*** Opening of DATA SECTION ***

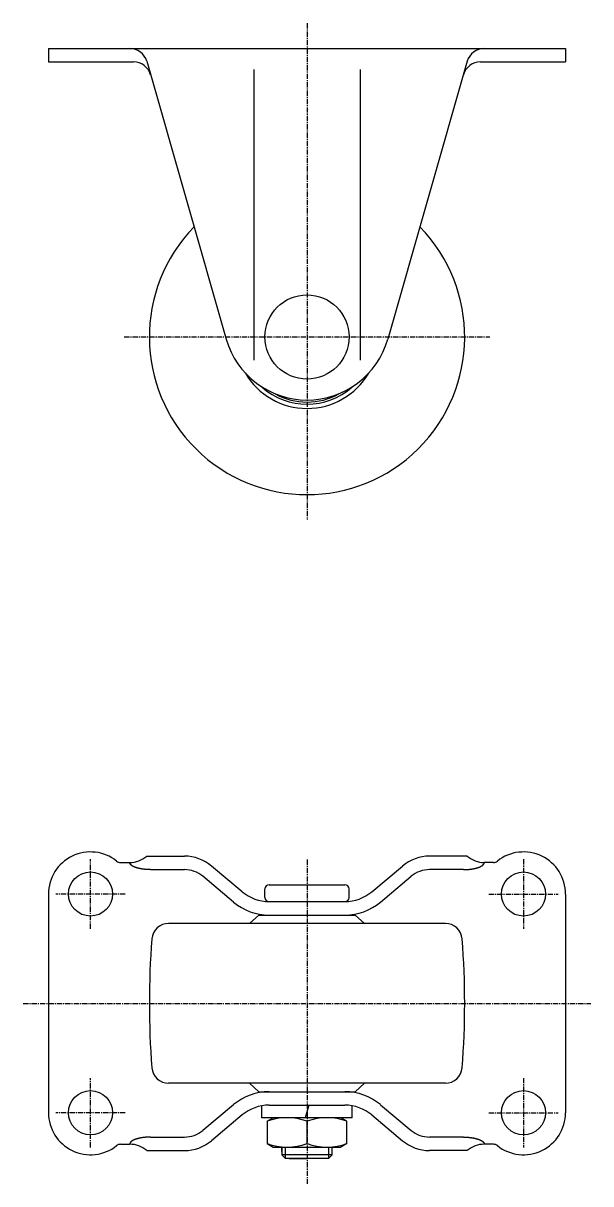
# Model space of a CAD drawing. Extents: x -2951 to -2664, y -670 to -222.
# Drawn here: x -2799.2 to -2664.2, y -669.6 to -393.6 of the extents above; entities that cross this region are included whole.
import ezdxf

# ---------------------------------------------------------------- set-up
doc = ezdxf.new("R2010")
doc.units = 0
doc.linetypes.add('CENTER', pattern=[2, 1.25, -0.25, 0.25, -0.25])
doc.layers.get('0').update_dxf_attribs({"linetype": 'CONTINUOUS'})
doc.layers.add('CENTER', color=1, linetype='CENTER')

msp = doc.modelspace()

# ---------------------------------------------------------------- linework, layer by layer
at = {"color": 7, "linetype": 'CONTINUOUS'}
for p, q in [((-2793.16, -399.6), (-2793.16, -402.8)), ((-2793.16, -399.6), (-2670.16, -399.6)), ((-2670.16, -399.6), (-2670.16, -402.8)), ((-2793.16, -402.8), (-2772.92, -402.8)), ((-2769.79, -402.64), (-2750.89, -468.7)), ((-2693.54, -402.64), (-2712.44, -468.7)), ((-2690.41, -402.8), (-2670.16, -402.8)), ((-2744.3, -404.6), (-2744.3, -473.7)), ((-2719.02, -404.6), (-2719.02, -473.7)), ((-2776.01, -593.16), (-2773.83, -593.16)), ((-2769.79, -591.66), (-2760.81, -591.66)), ((-2693.54, -591.66), (-2702.51, -591.66)), ((-2687.32, -593.16), (-2689.5, -593.16)), ((-2768.88, -594.86), (-2760.81, -594.86)), ((-2747.09, -600.12), (-2754.39, -594)), ((-2716.24, -600.12), (-2708.94, -594)), ((-2694.45, -594.86), (-2702.51, -594.86)), ((-2749.15, -602.57), (-2756.44, -596.45)), ((-2740.66, -598.46), (-2722.66, -598.46)), ((-2714.18, -602.57), (-2706.88, -596.45)), ((-2793.16, -600.66), (-2793.16, -652.66)), ((-2741.66, -601.46), (-2741.66, -599.46)), ((-2721.66, -601.46), (-2721.66, -599.46)), ((-2670.16, -600.66), (-2670.16, -652.66)), ((-2740.66, -602.46), (-2722.66, -602.46)), ((-2740.66, -602.46), (-2722.66, -602.46)), ((-2745.36, -607.66), (-2743.11, -605.66)), ((-2743.11, -605.66), (-2720.21, -605.66)), ((-2717.96, -607.66), (-2720.21, -605.66)), ((-2698.74, -607.66), (-2764.59, -607.66)), ((-2698.74, -645.66), (-2764.59, -645.66)), ((-2745.36, -645.66), (-2743.11, -647.66)), ((-2717.96, -645.66), (-2720.21, -647.66)), ((-2743.11, -647.66), (-2720.21, -647.66)), ((-2749.15, -650.75), (-2756.44, -656.87)), ((-2742.41, -653.86), (-2742.41, -651.02)), ((-2740.66, -650.86), (-2722.66, -650.86)), ((-2740.66, -650.86), (-2722.66, -650.86)), ((-2731.26, -650.86), (-2732.07, -653.86)), ((-2720.91, -653.86), (-2720.91, -651.02)), ((-2714.18, -650.75), (-2706.88, -656.87)), ((-2747.09, -653.2), (-2754.39, -659.32)), ((-2720.91, -653.86), (-2742.41, -653.86)), ((-2741.16, -654.71), (-2739.69, -653.86)), ((-2722.16, -654.71), (-2723.63, -653.86)), ((-2716.24, -653.2), (-2708.94, -659.32)), ((-2741.16, -654.71), (-2741.16, -660.01)), ((-2731.66, -660.01), (-2731.66, -654.71)), ((-2722.16, -660.01), (-2722.16, -654.71)), ((-2768.88, -658.46), (-2760.81, -658.46)), ((-2694.45, -658.46), (-2702.51, -658.46)), ((-2776.01, -660.16), (-2773.83, -660.16)), ((-2769.79, -661.66), (-2760.81, -661.66)), ((-2741.16, -660.01), (-2739.69, -660.86)), ((-2739.69, -660.86), (-2723.63, -660.86)), ((-2737.66, -661.86), (-2737.66, -660.86)), ((-2737.66, -660.86), (-2737.66, -662.69)), ((-2725.66, -661.86), (-2725.66, -660.86)), ((-2725.66, -662.69), (-2725.66, -660.86)), ((-2722.16, -660.01), (-2723.63, -660.86)), ((-2693.54, -661.66), (-2702.51, -661.66)), ((-2687.32, -660.16), (-2689.5, -660.16)), ((-2736.79, -663.56), (-2737.66, -662.69)), ((-2725.66, -662.69), (-2737.66, -662.69)), ((-2726.54, -663.56), (-2736.79, -663.56)), ((-2735.91, -663.56), (-2731.66, -663.56)), ((-2727.41, -663.56), (-2731.66, -663.56)), ((-2726.54, -663.56), (-2725.66, -662.69))]:
    msp.add_line(p, q, dxfattribs=at)
at = {"color": 3, "linetype": 'CONTINUOUS'}
for p, q in [((-2736.79, -663.56), (-2736.79, -660.86)), ((-2726.54, -660.86), (-2726.54, -663.56))]:
    msp.add_line(p, q, dxfattribs=at)
at = {"color": 7, "linetype": 'CONTINUOUS'}
for points in [[(-2768.88, -594.86, 0), (-2768.94, -594.86, 0), (-2769, -594.86, 0), (-2769.06, -594.86, 0), (-2769.12, -594.86, 0), (-2769.18, -594.86, 0), (-2769.24, -594.86, 0), (-2769.3, -594.86, 0), (-2769.36, -594.85, 0), (-2769.42, -594.85, 0), (-2769.48, -594.85, 0), (-2769.54, -594.85, 0), (-2769.6, -594.84, 0), (-2769.66, -594.84, 0), (-2769.72, -594.84, 0), (-2769.78, -594.83, 0), (-2769.84, -594.83, 0), (-2769.9, -594.83, 0), (-2769.96, -594.82, 0), (-2770.02, -594.82, 0), (-2770.08, -594.81, 0), (-2770.14, -594.81, 0), (-2770.2, -594.8, 0), (-2770.26, -594.8, 0), (-2770.32, -594.79, 0), (-2770.37, -594.78, 0), (-2770.43, -594.78, 0), (-2770.49, -594.77, 0), (-2770.55, -594.76, 0), (-2770.6, -594.76, 0), (-2770.66, -594.75, 0), (-2770.72, -594.74, 0), (-2770.77, -594.73, 0), (-2770.83, -594.72, 0), (-2770.88, -594.72, 0), (-2770.94, -594.71, 0), (-2771, -594.7, 0), (-2771.05, -594.69, 0), (-2771.1, -594.68, 0), (-2771.16, -594.67, 0), (-2771.21, -594.66, 0), (-2771.27, -594.65, 0), (-2771.32, -594.64, 0), (-2771.37, -594.63, 0), (-2771.42, -594.62, 0), (-2771.48, -594.61, 0), (-2771.53, -594.6, 0), (-2771.58, -594.59, 0), (-2771.63, -594.58, 0), (-2771.68, -594.56, 0), (-2771.73, -594.55, 0), (-2771.78, -594.54, 0), (-2771.83, -594.53, 0), (-2771.88, -594.52, 0), (-2771.93, -594.5, 0), (-2771.97, -594.49, 0), (-2772.02, -594.48, 0), (-2772.07, -594.46, 0), (-2772.11, -594.45, 0), (-2772.16, -594.44, 0), (-2772.2, -594.42, 0), (-2772.25, -594.41, 0), (-2772.29, -594.39, 0), (-2772.34, -594.38, 0), (-2772.38, -594.36, 0), (-2772.42, -594.35, 0), (-2772.47, -594.33, 0), (-2772.51, -594.32, 0), (-2772.55, -594.3, 0), (-2772.59, -594.29, 0), (-2772.63, -594.27, 0), (-2772.67, -594.26, 0), (-2772.71, -594.24, 0), (-2772.74, -594.22, 0), (-2772.78, -594.21, 0), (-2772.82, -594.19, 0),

*** Close of DATA SECTION ***

▶ **TASK INSTRUCTIONS**
Working through the records, find each line containing the word "CENTER" and copy it.

▶ **EXERCISE RESULT**
doc.linetypes.add('CENTER', pattern=[2, 1.25, -0.25, 0.25, -0.25])
doc.layers.add('CENTER', color=1, linetype='CENTER')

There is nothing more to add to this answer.